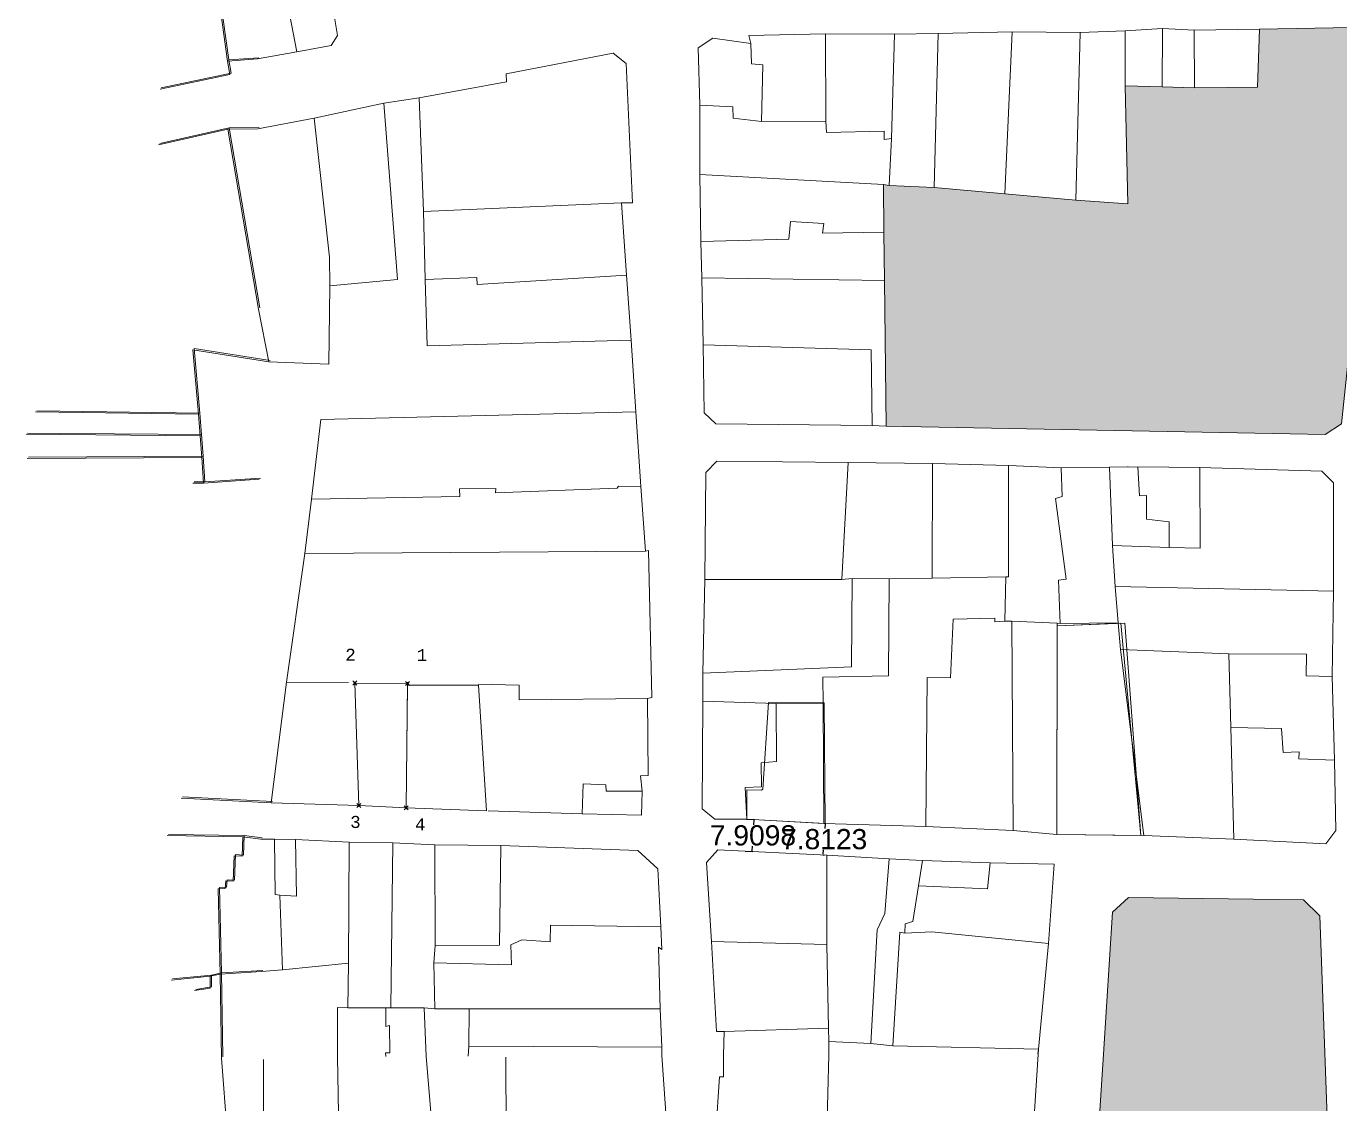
# Model space of a CAD drawing. Header units: millimetres. Extents: x 613361 to 614677, y 1317501 to 1318598.
# Drawn here: x 613386.6 to 613711.9, y 1317907.9 to 1318174.7 of the extents above; entities that cross this region are included whole.
import ezdxf

# ---------------------------------------------------------------- set-up
doc = ezdxf.new("R2010")
doc.units = ezdxf.units.MM
doc.header["$PDMODE"] = 35
doc.header["$PDSIZE"] = 0.5
for name, color, linetype in [('16', 7, 'Continuous'), ('2', 7, 'Continuous'), ('6', 7, 'Continuous'), ('CVL_CUADCON_LIN', 8, 'Continuous'), ('CVL_CUADCON_TIT', 1, 'Continuous'), ('CVL_PUNTO', 250, 'Continuous'), ('CVL_PUNTO_NUM', 2, 'Continuous')]:
    doc.layers.add(name, color=color, linetype=linetype)
doc.layers.add('Nivel 2', color=7, linetype='Continuous', lineweight=0)
doc.styles.add('HECTOR LOPEZ', font='arial.ttf')
doc.styles.add('MONOTXT4', font='Monotxt4.shx')
doc.dimstyles.get("Standard").update_dxf_attribs({"dimtxt": 5, "dimasz": 0.18, "dimexe": 0.18, "dimexo": 0.0625, "dimgap": 0.09, "dimtad": 0, "dimtih": 1, "dimtoh": 1, "dimdec": 4, "dimzin": 0, "dimdsep": 46, "dimtxsty": 'HECTOR LOPEZ', "dimcen": 0.09, "dimadec": 0, "dimazin": 0, "dimtfac": 1, "dimtdec": 4, "dimtofl": 0, "dimtmove": 2, "dimatfit": 3, "dimfxl": 0.18, "dimtolj": 1, "dimtzin": 0, "dimarcsym": 0})

# ---------------------------------------------------------------- blocks, each defined once
blk = doc.blocks.new('*D304')
at = {"layer": 'CVL_CUADCON_LIN', "color": 0, "linetype": 'ByBlock', "lineweight": -2, "ltscale": 0.5, "transparency": 16777216}
for p, q in [((613584.44, 1317977.08), (613584.38, 1317976.01)), ((613584.52, 1317977.26), (613584.63, 1317977.25)), ((613584.02, 1317969.64), (613584.08, 1317970.72)), ((613584.07, 1317969.46), (613584.19, 1317969.45))]:
    blk.add_line(p, q, dxfattribs=at)
at = {"layer": 'CVL_CUADCON_LIN', "color": 0, "linetype": 'ByBlock', "ltscale": 0.5, "transparency": 16777216}
for points in [[(613584.41, 1317977.08), (613584.47, 1317977.08), (613584.45, 1317977.26)], [(613583.99, 1317969.64), (613584.05, 1317969.64), (613584.01, 1317969.46)]]:
    blk.add_solid(points, dxfattribs=at)
at = {"layer": 'Defpoints', "color": 0, "linetype": 'ByBlock', "ltscale": 0.5, "transparency": 16777216}
for p in [(613584.45, 1317977.26), (613584.01, 1317969.46), (613584.01, 1317969.46)]:
    blk.add_point(p, dxfattribs=at)
at = {"layer": 'CVL_CUADCON_LIN', "color": 0, "linetype": 'ByBlock', "lineweight": 0, "ltscale": 0.5, "transparency": 16777216, "insert": (613584.23, 1317973.36), "char_height": 5, "attachment_point": 5, "style": 'HECTOR LOPEZ'}
blk.add_mtext('\\A1;7.8123', dxfattribs=at)
blk = doc.blocks.new('*D305')
at = {"layer": 'CVL_CUADCON_LIN', "color": 0, "linetype": 'ByBlock', "lineweight": -2, "ltscale": 0.5, "transparency": 16777216}
for p, q in [((613565.1, 1317978.34), (613566.97, 1317978.24)), ((613566.78, 1317978.07), (613566.72, 1317976.94)), ((613566.4, 1317970.53), (613566.45, 1317971.66)), ((613564.7, 1317970.44), (613566.57, 1317970.34))]:
    blk.add_line(p, q, dxfattribs=at)
at = {"layer": 'CVL_CUADCON_LIN', "color": 0, "linetype": 'ByBlock', "ltscale": 0.5, "transparency": 16777216}
for points in [[(613566.75, 1317978.07), (613566.81, 1317978.07), (613566.79, 1317978.25)], [(613566.37, 1317970.53), (613566.43, 1317970.53), (613566.39, 1317970.35)]]:
    blk.add_solid(points, dxfattribs=at)
at = {"layer": 'Defpoints', "color": 0, "linetype": 'ByBlock', "ltscale": 0.5, "transparency": 16777216}
for p in [(613565.03, 1317978.34), (613564.63, 1317970.44), (613566.39, 1317970.35)]:
    blk.add_point(p, dxfattribs=at)
at = {"layer": 'CVL_CUADCON_LIN', "color": 0, "linetype": 'ByBlock', "lineweight": 0, "ltscale": 0.5, "transparency": 16777216, "insert": (613566.59, 1317974.3), "char_height": 5, "attachment_point": 5, "style": 'HECTOR LOPEZ'}
blk.add_mtext('\\A1;7.9098', dxfattribs=at)

msp = doc.modelspace()

# ---------------------------------------------------------------- hatches: boundary and pattern name
at = {"true_color": 0x939598}
h = msp.add_hatch(color=252, dxfattribs=at)
h.paths.add_polyline_path([(613977.27565, 1318184.40079), (613855.09465, 1318179.55379), (613858.63065, 1318118.32379), (613920.45265, 1318121.51279), (613922.78665, 1318089.78379), (613983.13065, 1318093.77779)])
h.paths.add_polyline_path([(613722.17065, 1318170.02479), (613719.49965, 1318174.47879), (613692.06265, 1318173.96979), (613691.59365, 1318159.64579), (613675.94365, 1318159.50779), (613667.96465, 1318159.71679), (613658.81565, 1318159.97079), (613659.40665, 1318130.71979), (613646.59465, 1318131.66479), (613629.00265, 1318133.24179), (613611.46165, 1318134.81979), (613600.32965, 1318135.31679), (613598.95665, 1318135.51179), (613598.97965, 1318123.72979), (613599.15665, 1318111.79579), (613599.58665, 1318075.68779), (613708.34465, 1318073.65479), (613712.39365, 1318076.21679)])
h.paths.add_polyline_path([(613708.24165, 1317920.42879), (613707.01165, 1317954.39879), (613702.92165, 1317958.33779), (613659.57165, 1317958.95879), (613655.63065, 1317955.33079), (613653.41365, 1317920.12279), (613648.24265, 1317839.78079), (613652.00965, 1317836.39079), (613708.16965, 1317840.54279), (613710.94965, 1317845.17479)])
h.paths.add_polyline_path([(613817.35365, 1317899.93479), (613802.92765, 1317900.74879), (613802.87065, 1317902.78079), (613777.98265, 1317903.86379), (613777.47865, 1317902.28779), (613730.09165, 1317903.19279), (613730.00965, 1317896.23379), (613728.48665, 1317896.02579), (613728.30265, 1317888.91479), (613729.11465, 1317888.81579), (613729.95365, 1317860.37479), (613729.44665, 1317860.06879), (613729.31465, 1317852.65279), (613753.74465, 1317852.17679), (613770.30265, 1317851.77679), (613770.35465, 1317851.06579), (613785.13265, 1317851.42079), (613785.63065, 1317855.33279), (613798.27665, 1317855.32579), (613811.98865, 1317855.27079)])

# ---------------------------------------------------------------- linework, layer by layer
at = {"layer": '16', "color": 1, "linetype": 'ByBlock', "lineweight": 0}
msp.add_lwpolyline([(613445.98831, 1317617.70149), (613445.33865, 1317918.82179)], dxfattribs=at)
at = {"layer": '2', "color": 1, "linetype": 'ByBlock', "lineweight": 0}
for p, q in [((613436.42965, 1318166.07979), (613428.41665, 1318224.33179)), ((613449.36565, 1318190.38979), (613453.62065, 1318168.42279)), ((613612.44065, 1318172.96679), (613630.78365, 1318173.32279)), ((613630.78365, 1318173.32279), (613629.00265, 1318133.24179)), ((613630.78365, 1318173.32279), (613647.65465, 1318173.21379)), ((613647.65465, 1318173.21379), (613658.78065, 1318173.63179)), ((613658.78065, 1318173.63179), (613668.02565, 1318174.14079)), ((613658.78065, 1318173.63179), (613658.81565, 1318159.97079)), ((613667.96465, 1318159.71679), (613668.02565, 1318174.14079)), ((613668.02565, 1318174.14079), (613675.90465, 1318173.72779)), ((613675.90465, 1318173.72779), (613692.06265, 1318173.96979)), ((613675.90465, 1318173.72779), (613675.94365, 1318159.50779)), ((613691.59365, 1318159.64579), (613692.06265, 1318173.96979)), ((613565.59265, 1318172.45079), (613584.54365, 1318172.86179)), ((613566.06265, 1318170.42179), (613565.59265, 1318172.45079)), ((613566.24665, 1318165.39479), (613566.06265, 1318170.42179)), ((613584.54365, 1318172.86179), (613584.67965, 1318151.22679)), ((613584.54365, 1318172.86179), (613601.61865, 1318172.80479)), ((613601.61865, 1318172.80479), (613600.91765, 1318146.94979)), ((613601.61865, 1318172.80479), (613612.44065, 1318172.96679)), ((613612.44065, 1318172.96679), (613611.46165, 1318134.81979)), ((613647.65465, 1318173.21379), (613646.59465, 1318131.66479)), ((613437.03765, 1318162.77879), (613436.42965, 1318166.07979)), ((613569.04265, 1318165.20779), (613566.24665, 1318165.39479)), ((613568.67365, 1318151.13779), (613569.04265, 1318165.20779)), ((613419.72165, 1318159.17979), (613437.03765, 1318162.77879)), ((613658.81565, 1318159.97079), (613667.96465, 1318159.71679)), ((613658.81565, 1318159.97079), (613659.40665, 1318130.71979)), ((613667.96465, 1318159.71679), (613675.94365, 1318159.50779)), ((613675.94365, 1318159.50779), (613691.59365, 1318159.64579)), ((613457.94165, 1318151.99179), (613475.14465, 1318155.69379)), ((613483.92765, 1318156.96179), (613475.14465, 1318155.69379)), ((613475.14465, 1318155.69379), (613478.51865, 1318112.03579)), ((613483.92765, 1318156.96179), (613484.96765, 1318128.88279)), ((613553.45465, 1318155.21679), (613553.40965, 1318138.05079)), ((613553.45465, 1318155.21679), (613561.58765, 1318154.75479)), ((613561.58765, 1318154.75479), (613561.65565, 1318151.96179)), ((613461.71465, 1318117.57879), (613457.94165, 1318151.99179)), ((613561.65565, 1318151.96179), (613568.67365, 1318151.13779)), ((613584.67965, 1318151.22679), (613568.67365, 1318151.13779)), ((613584.67965, 1318151.22679), (613584.79965, 1318148.43479)), ((613419.36365, 1318145.36679), (613436.52765, 1318149.27079)), ((613584.79965, 1318148.43479), (613599.07665, 1318148.71779)), ((613599.07665, 1318148.71779), (613599.08965, 1318146.68579)), ((613599.08965, 1318146.68579), (613600.91765, 1318146.94979)), ((613600.91765, 1318146.94979), (613600.32965, 1318135.31679)), ((613553.66665, 1318121.44479), (613553.40965, 1318138.05079)), ((613553.40965, 1318138.05079), (613598.95665, 1318135.51179)), ((613598.95665, 1318135.51179), (613598.97965, 1318123.72979)), ((613600.32965, 1318135.31679), (613598.95665, 1318135.51179)), ((613611.46165, 1318134.81979), (613600.32965, 1318135.31679)), ((613629.00265, 1318133.24179), (613611.46165, 1318134.81979)), ((613484.96765, 1318128.88279), (613534.04265, 1318131.03579)), ((613534.04265, 1318131.03579), (613535.27365, 1318113.06379)), ((613646.59465, 1318131.66479), (613629.00265, 1318133.24179)), ((613659.40665, 1318130.71979), (613646.59465, 1318131.66479)), ((613485.37965, 1318111.97279), (613484.96765, 1318128.88279)), ((613575.89265, 1318126.34279), (613575.46365, 1318121.97279)), ((613584.12765, 1318125.88079), (613575.89265, 1318126.34279)), ((613583.78765, 1318123.49179), (613584.12765, 1318125.88079)), ((613575.46365, 1318121.97279), (613553.66665, 1318121.44479)), ((613553.92665, 1318112.40579), (613553.66665, 1318121.44479)), ((613598.97965, 1318123.72979), (613583.78765, 1318123.49179)), ((613598.97965, 1318123.72979), (613599.15665, 1318111.79579)), ((613461.81065, 1318110.46979), (613461.71465, 1318117.57879)), ((613478.51865, 1318112.03579), (613461.81065, 1318110.46979)), ((613498.18165, 1318112.50079), (613485.37965, 1318111.97279)), ((613485.88865, 1318095.57079), (613485.37965, 1318111.97279)), ((613498.24265, 1318110.77479), (613498.18165, 1318112.50079)), ((613535.27365, 1318113.06379), (613498.24265, 1318110.77479)), ((613535.27365, 1318113.06379), (613536.39065, 1318096.97079)), ((613599.15665, 1318111.79579), (613553.92665, 1318112.40579)), ((613553.92665, 1318112.40579), (613554.28465, 1318095.85179)), ((613599.58665, 1318075.68779), (613599.15665, 1318111.79579)), ((613461.81065, 1318110.46979), (613461.57665, 1318091.01679)), ((613536.39065, 1318096.97079), (613485.88865, 1318095.57079)), ((613536.39065, 1318096.97079), (613537.61965, 1318079.25279)), ((613554.28465, 1318095.85179), (613595.85965, 1318094.61079)), ((613429.25265, 1318078.63279), (613427.83365, 1318094.57979)), ((613595.85965, 1318094.61079), (613596.07965, 1318075.82079)), ((613429.25265, 1318078.63279), (613388.88265, 1318079.20579)), ((613537.61965, 1318079.25279), (613459.52865, 1318077.29279)), ((613538.80365, 1318060.72179), (613537.61965, 1318079.25279)), ((613430.06265, 1318067.91679), (613429.25265, 1318078.63279)), ((613459.52865, 1318077.29279), (613457.21365, 1318057.57479)), ((613596.07965, 1318075.82079), (613599.58665, 1318075.68779)), ((613386.59665, 1318073.67079), (613429.65765, 1318073.27479)), ((613430.06265, 1318067.91679), (613386.79865, 1318067.67879)), ((613430.46765, 1318061.56879), (613430.06265, 1318067.91679)), ((613590.14065, 1318066.64579), (613588.59465, 1318037.73979)), ((613590.14065, 1318066.64579), (613611.02765, 1318066.45779)), ((613611.02765, 1318066.45779), (613610.95265, 1318038.01679)), ((613611.02765, 1318066.45779), (613629.88365, 1318065.90279)), ((613629.88365, 1318065.90279), (613629.85365, 1318038.32579)), ((613629.88365, 1318065.90279), (613642.89565, 1318065.36679)), ((613642.89565, 1318065.36679), (613654.88765, 1318065.48379)), ((613642.89565, 1318065.36679), (613643.14365, 1318058.25779)), ((613654.88765, 1318065.48379), (613661.89965, 1318065.57379)), ((613654.88765, 1318065.48379), (613655.61865, 1318046.13879)), ((613659.56665, 1318065.54579), (613659.43665, 1318065.67579)), ((613661.89965, 1318065.57379), (613662.35065, 1318058.41579)), ((613661.89965, 1318065.57379), (613677.24665, 1318065.40579)), ((613677.24665, 1318065.40579), (613677.37165, 1318045.49779)), ((613427.87865, 1318061.56979), (613430.46765, 1318061.56879)), ((613493.93665, 1318060.16679), (613502.93065, 1318060.26779)), ((613493.94865, 1318058.28779), (613493.93665, 1318060.16679)), ((613502.83665, 1318059.14979), (613532.96265, 1318060.28279)), ((613502.93065, 1318060.26779), (613502.83665, 1318059.14979)), ((613532.96265, 1318060.28279), (613533.26465, 1318060.79279)), ((613533.26465, 1318060.79279), (613538.80365, 1318060.72179)), ((613538.80365, 1318060.72179), (613539.97165, 1318044.73079)), ((613455.57065, 1318044.10679), (613457.21365, 1318057.57479)), ((613457.21365, 1318057.57479), (613493.94865, 1318058.28779)), ((613643.14365, 1318058.25779), (613641.52065, 1318057.74079)), ((613641.52065, 1318057.74079), (613644.13665, 1318037.79579)), ((613662.35065, 1318058.41579), (613664.02765, 1318058.47579)), ((613664.06465, 1318052.63579), (613664.02765, 1318058.47579)), ((613669.65765, 1318052.00679), (613664.06465, 1318052.63579)), ((613669.64765, 1318045.60679), (613669.65765, 1318052.00679)), ((613451.04465, 1318012.28879), (613455.57065, 1318044.10679)), ((613539.97165, 1318044.73079), (613455.57065, 1318044.10679)), ((613539.97165, 1318044.73079), (613540.68165, 1318044.88679)), ((613540.68165, 1318044.88679), (613541.52065, 1318008.47679)), ((613655.61865, 1318046.13879), (613669.64765, 1318045.60679)), ((613655.61865, 1318046.13879), (613656.29265, 1318035.98479)), ((613677.37165, 1318045.49779), (613669.64765, 1318045.60679)), ((613554.65065, 1318037.70179), (613554.18665, 1318014.54079)), ((613588.59465, 1318037.73979), (613554.65065, 1318037.70179)), ((613591.13465, 1318037.95679), (613588.59465, 1318037.73979)), ((613590.96765, 1318016.06679), (613591.13465, 1318037.95679)), ((613600.33265, 1318037.90679), (613591.13465, 1318037.95679)), ((613600.17865, 1318013.83279), (613600.33265, 1318037.90679)), ((613610.95265, 1318038.01679), (613600.33265, 1318037.90679)), ((613629.24365, 1318038.32179), (613610.95265, 1318038.01679)), ((613629.00765, 1318027.35079), (613629.24365, 1318038.32179)), ((613629.85365, 1318038.32579), (613629.24365, 1318038.32179)), ((613644.13665, 1318037.79579), (613642.30865, 1318037.53179)), ((613642.30865, 1318037.53179), (613642.68065, 1318026.81779)), ((613656.29265, 1318035.98479), (613710.41865, 1318034.81379)), ((613657.00965, 1318026.99979), (613656.29265, 1318035.98479)), ((613710.41865, 1318034.81379), (613710.09365, 1318013.68479)), ((613616.14865, 1318027.83779), (613615.52865, 1318013.35979)), ((613626.46265, 1318028.09879), (613616.14865, 1318027.83779)), ((613626.46265, 1318028.09879), (613626.51865, 1318027.23579)), ((613626.51865, 1318027.23579), (613629.00765, 1318027.35079)), ((613630.73565, 1318027.36079), (613629.00765, 1318027.35079)), ((613631.01065, 1317975.55879), (613630.73565, 1318027.36079)), ((613630.73565, 1318027.36079), (613641.91865, 1318026.86379)), ((613641.91865, 1318026.86379), (613641.89165, 1317974.55279)), ((613642.68065, 1318026.81779), (613641.91865, 1318026.86379)), ((613642.68065, 1318026.81779), (613657.00965, 1318026.99979)), ((613657.00965, 1318026.99979), (613657.66065, 1318020.40079)), ((613657.66065, 1318020.40079), (613684.49865, 1318019.33179)), ((613657.66065, 1318020.40079), (613663.43865, 1317974.31779)), ((613684.49865, 1318019.33179), (613684.91765, 1318001.05079)), ((613703.70765, 1318019.18479), (613684.49865, 1318019.33179)), ((613703.63965, 1318013.85179), (613703.70765, 1318019.18479)), ((613554.18665, 1318014.54079), (613554.17965, 1318007.58279)), ((613554.18665, 1318014.54079), (613590.96765, 1318016.06679)), ((613710.09365, 1318013.68479), (613703.63965, 1318013.85179)), ((613447.21865, 1317982.40379), (613451.04465, 1318012.28879)), ((613451.04465, 1318012.28879), (613466.39165, 1318012.17079)), ((613508.67465, 1318011.49279), (613498.59538, 1318011.8037)), ((613508.69765, 1318007.93779), (613508.67465, 1318011.49279)), ((613583.86865, 1318013.53879), (613600.17865, 1318013.83279)), ((613583.96165, 1318006.93679), (613583.86865, 1318013.53879)), ((613609.73465, 1318013.42879), (613609.40765, 1317976.50479)), ((613615.52865, 1318013.35979), (613609.73465, 1318013.42879)), ((613710.09365, 1318013.68479), (613710.63065, 1317992.96679)), ((613540.50565, 1318008.26779), (613508.69765, 1318007.93779)), ((613541.52065, 1318008.47679), (613540.50565, 1318008.26779)), ((613540.50565, 1318008.26779), (613540.62565, 1317989.12179)), ((613572.32365, 1318007.02379), (613554.17965, 1318007.58279)), ((613572.41465, 1317992.60079), (613572.32365, 1318007.02379)), ((613583.96165, 1318006.93679), (613572.32365, 1318007.02379)), ((613584.14765, 1317977.27779), (613583.96165, 1318006.93679)), ((613684.91765, 1318001.05079), (613697.52165, 1318000.81679)), ((613685.70165, 1317973.37579), (613684.91765, 1318001.05079)), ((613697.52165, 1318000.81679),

_WHAT THE TASK REQUIRES_:
The reply should hold only the lines running from the top of the records to the line containing "doc.styles.add('HECTOR LOPEZ', font='arial.ttf')", both included, copied exactly with no pictures.

_RESULT_:
# Model space of a CAD drawing. Header units: millimetres. Extents: x 613361 to 614677, y 1317501 to 1318598.
# Drawn here: x 613386.6 to 613711.9, y 1317907.9 to 1318174.7 of the extents above; entities that cross this region are included whole.
import ezdxf

# ---------------------------------------------------------------- set-up
doc = ezdxf.new("R2010")
doc.units = ezdxf.units.MM
doc.header["$PDMODE"] = 35
doc.header["$PDSIZE"] = 0.5
for name, color, linetype in [('16', 7, 'Continuous'), ('2', 7, 'Continuous'), ('6', 7, 'Continuous'), ('CVL_CUADCON_LIN', 8, 'Continuous'), ('CVL_CUADCON_TIT', 1, 'Continuous'), ('CVL_PUNTO', 250, 'Continuous'), ('CVL_PUNTO_NUM', 2, 'Continuous')]:
    doc.layers.add(name, color=color, linetype=linetype)
doc.layers.add('Nivel 2', color=7, linetype='Continuous', lineweight=0)
doc.styles.add('HECTOR LOPEZ', font='arial.ttf')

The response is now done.